# Pier repair/minor leveling



## TheHammer (Aug 24, 2007)

We've been in a 100+ yr old house in Mobile, AL for 1 1/2 yrs. All in all pretty good shape, but there are signs of typical uneven settling... door frames out of square/doors catching and wood flooring bowed where the fireplace hearths don't settle as fast as the neighboring piers. Compared to some other posts, these seem minor, but i still want to at least arrest the settling before real 'creeping' starts. Some questions...

I keep reading about steel shims... can someone describe these for me? I was planning on just shimming the jacked up beams with 1" or 5/4" treated pine. Are steel shims just cut steel plate?
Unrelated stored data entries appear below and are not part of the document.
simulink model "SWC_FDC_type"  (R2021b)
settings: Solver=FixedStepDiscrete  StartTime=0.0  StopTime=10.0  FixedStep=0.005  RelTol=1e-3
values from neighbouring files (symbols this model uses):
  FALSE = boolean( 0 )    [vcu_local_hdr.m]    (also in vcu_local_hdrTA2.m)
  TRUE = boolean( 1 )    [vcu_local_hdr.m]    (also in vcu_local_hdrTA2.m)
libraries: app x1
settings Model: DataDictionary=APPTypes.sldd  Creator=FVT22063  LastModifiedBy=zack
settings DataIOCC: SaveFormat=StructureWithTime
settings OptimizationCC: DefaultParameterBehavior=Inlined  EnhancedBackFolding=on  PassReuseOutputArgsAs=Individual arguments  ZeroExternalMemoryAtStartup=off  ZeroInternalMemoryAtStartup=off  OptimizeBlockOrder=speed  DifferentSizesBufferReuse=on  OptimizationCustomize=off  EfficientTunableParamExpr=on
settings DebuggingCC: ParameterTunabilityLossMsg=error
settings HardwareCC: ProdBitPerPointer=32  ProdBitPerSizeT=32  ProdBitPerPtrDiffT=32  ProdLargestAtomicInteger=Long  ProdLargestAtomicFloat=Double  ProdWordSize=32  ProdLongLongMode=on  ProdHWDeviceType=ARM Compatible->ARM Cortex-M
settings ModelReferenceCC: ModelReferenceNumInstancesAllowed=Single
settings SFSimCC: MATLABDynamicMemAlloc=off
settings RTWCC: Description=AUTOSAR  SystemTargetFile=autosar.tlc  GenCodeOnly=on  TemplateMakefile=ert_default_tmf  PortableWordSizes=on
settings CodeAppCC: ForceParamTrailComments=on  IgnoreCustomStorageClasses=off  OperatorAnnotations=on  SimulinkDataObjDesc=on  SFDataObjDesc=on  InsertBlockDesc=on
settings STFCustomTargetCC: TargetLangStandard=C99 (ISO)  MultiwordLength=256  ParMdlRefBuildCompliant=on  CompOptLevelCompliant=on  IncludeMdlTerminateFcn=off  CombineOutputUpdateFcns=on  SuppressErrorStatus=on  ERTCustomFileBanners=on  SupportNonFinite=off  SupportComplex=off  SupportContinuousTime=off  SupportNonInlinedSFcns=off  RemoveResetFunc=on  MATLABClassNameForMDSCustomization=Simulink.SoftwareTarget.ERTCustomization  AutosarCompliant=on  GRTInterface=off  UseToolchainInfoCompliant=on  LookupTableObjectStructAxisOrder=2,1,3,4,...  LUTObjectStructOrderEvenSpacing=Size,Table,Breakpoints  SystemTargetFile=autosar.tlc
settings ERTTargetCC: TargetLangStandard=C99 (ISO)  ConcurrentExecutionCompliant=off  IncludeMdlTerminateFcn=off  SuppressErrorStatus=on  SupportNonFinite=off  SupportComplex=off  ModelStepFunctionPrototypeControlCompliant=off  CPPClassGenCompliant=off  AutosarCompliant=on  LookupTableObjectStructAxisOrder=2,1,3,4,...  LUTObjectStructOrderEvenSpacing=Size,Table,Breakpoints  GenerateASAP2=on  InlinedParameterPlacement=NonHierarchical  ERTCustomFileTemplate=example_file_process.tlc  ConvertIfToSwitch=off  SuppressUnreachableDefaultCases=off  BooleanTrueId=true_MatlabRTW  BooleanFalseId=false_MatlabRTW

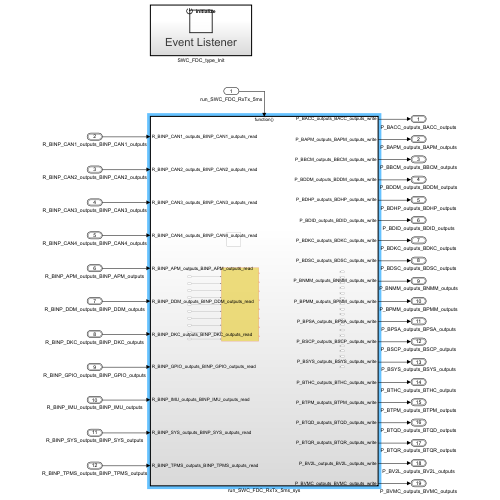
[thumbnail: Simulink's stored preview of the top-level diagram]
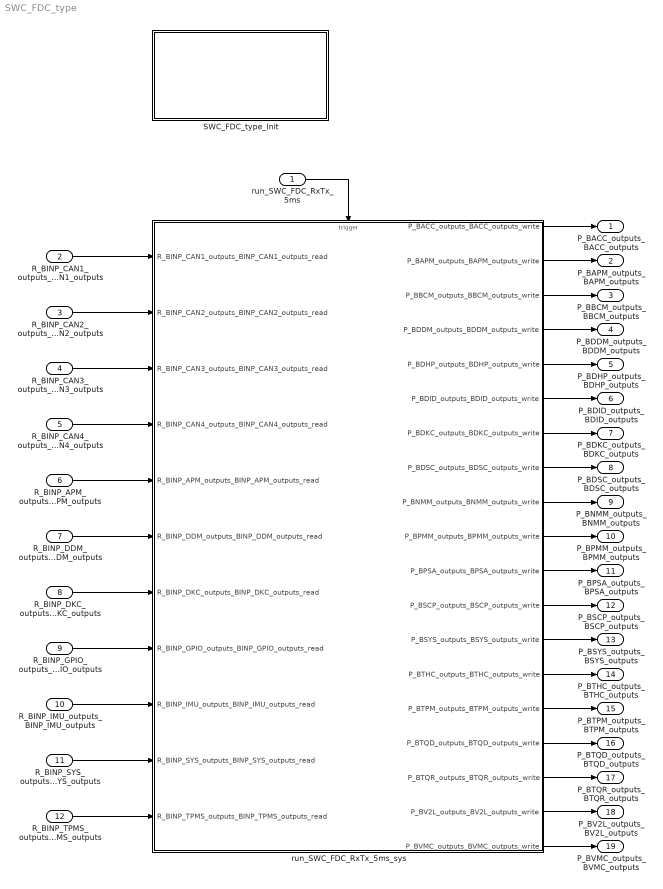
== system SWC_FDC_type ==
  run_SWC_FDC_RxTx_5ms : Inport  SampleTime=0.005  OutputFunctionCall=on
  R_BINP_CAN1_outputs_BINP_CAN1_outputs : Inport  Port=2  OutDataTypeStr=Bus: BINP_CAN1_outputs  PortDimensions=1  BusOutputAsStruct=on
  R_BINP_CAN2_outputs_BINP_CAN2_outputs : Inport  Port=3  OutDataTypeStr=Bus: BINP_CAN2_outputs  PortDimensions=1  BusOutputAsStruct=on
  R_BINP_CAN3_outputs_BINP_CAN3_outputs : Inport  Port=4  OutDataTypeStr=Bus: BINP_CAN3_outputs  PortDimensions=1  BusOutputAsStruct=on
  R_BINP_CAN4_outputs_BINP_CAN4_outputs : Inport  Port=5  OutDataTypeStr=Bus: BINP_CAN4_outputs  PortDimensions=1  BusOutputAsStruct=on
  R_BINP_APM_outputs_BINP_APM_outputs : Inport  Port=6  OutDataTypeStr=Bus: BINP_APM_outputs  PortDimensions=1  BusOutputAsStruct=on
  R_BINP_DDM_outputs_BINP_DDM_outputs : Inport  Port=7  OutDataTypeStr=Bus: BINP_DDM_outputs  PortDimensions=1  BusOutputAsStruct=on
  R_BINP_DKC_outputs_BINP_DKC_outputs : Inport  Port=8  OutDataTypeStr=Bus: BINP_DKC_outputs  PortDimensions=1  BusOutputAsStruct=on
  R_BINP_GPIO_outputs_BINP_GPIO_outputs : Inport  Port=9  OutDataTypeStr=Bus: BINP_GPIO_outputs  PortDimensions=1  BusOutputAsStruct=on
  R_BINP_IMU_outputs_BINP_IMU_outputs : Inport  Port=10  OutDataTypeStr=Bus: BINP_IMU_outputs  PortDimensions=1  BusOutputAsStruct=on
  R_BINP_SYS_outputs_BINP_SYS_outputs : Inport  Port=11  OutDataTypeStr=Bus: BINP_SYS_outputs  PortDimensions=1  BusOutputAsStruct=on
  R_BINP_TPMS_outputs_BINP_TPMS_outputs : Inport  Port=12  OutDataTypeStr=Bus: BINP_TPMS_outputs  PortDimensions=1  BusOutputAsStruct=on
  SWC_FDC_type_Init : Subsystem
  run_SWC_FDC_RxTx_5ms_sys : Subsystem
  P_BACC_outputs_BACC_outputs : Outport  OutDataTypeStr=Bus: BACC_outputs  PortDimensions=1  BusOutputAsStruct=on
  P_BAPM_outputs_BAPM_outputs : Outport  Port=2  OutDataTypeStr=Bus: BAPM_outputs  PortDimensions=1  BusOutputAsStruct=on
  P_BBCM_outputs_BBCM_outputs : Outport  Port=3  OutDataTypeStr=Bus: BBCM_outputs  PortDimensions=1  BusOutputAsStruct=on
  P_BDDM_outputs_BDDM_outputs : Outport  Port=4  OutDataTypeStr=Bus: BDDM_outputs  PortDimensions=1  BusOutputAsStruct=on
  P_BDHP_outputs_BDHP_outputs : Outport  Port=5  OutDataTypeStr=Bus: BDHP_outputs  PortDimensions=1  BusOutputAsStruct=on
  P_BDID_outputs_BDID_outputs : Outport  Port=6  OutDataTypeStr=Bus: BDID_outputs  PortDimensions=1  BusOutputAsStruct=on
  P_BDKC_outputs_BDKC_outputs : Outport  Port=7  OutDataTypeStr=Bus: BDKC_outputs  PortDimensions=1  BusOutputAsStruct=on
  P_BDSC_outputs_BDSC_outputs : Outport  Port=8  OutDataTypeStr=Bus: BDSC_outputs  PortDimensions=1  BusOutputAsStruct=on
  P_BNMM_outputs_BNMM_outputs : Outport  Port=9  OutDataTypeStr=Bus: BNMM_outputs  PortDimensions=1  BusOutputAsStruct=on
  P_BPMM_outputs_BPMM_outputs : Outport  Port=10  OutDataTypeStr=Bus: BPMM_outputs  PortDimensions=1  BusOutputAsStruct=on
  P_BPSA_outputs_BPSA_outputs : Outport  Port=11  OutDataTypeStr=Bus: BPSA_outputs  PortDimensions=1  BusOutputAsStruct=on
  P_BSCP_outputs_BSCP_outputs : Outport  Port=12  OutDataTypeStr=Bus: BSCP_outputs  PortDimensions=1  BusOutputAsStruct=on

Mortar issues... several of the brick piers have severely lost mortar (some an inch or more into the brick). I've heard elsewhere not to tuck point mortar into load bearing piers as the new mortar will behave differently and could cause spalling of the brick. I was thinking to repair these piers because I think its a sign that those are under a praticulary heavy load. Anyone ever had a similar feeling? Also, should I go with a completely  new pier or can I clean up the exisiting brick and use them again? (I was going to do the latter).

all for now... many thanks.


----------



## inspectorD (Aug 25, 2007)

This is one of those ...I would need to see and evaluate the job answers.
This is your foundation to your house..getting a professional in the area would be a better result.


----------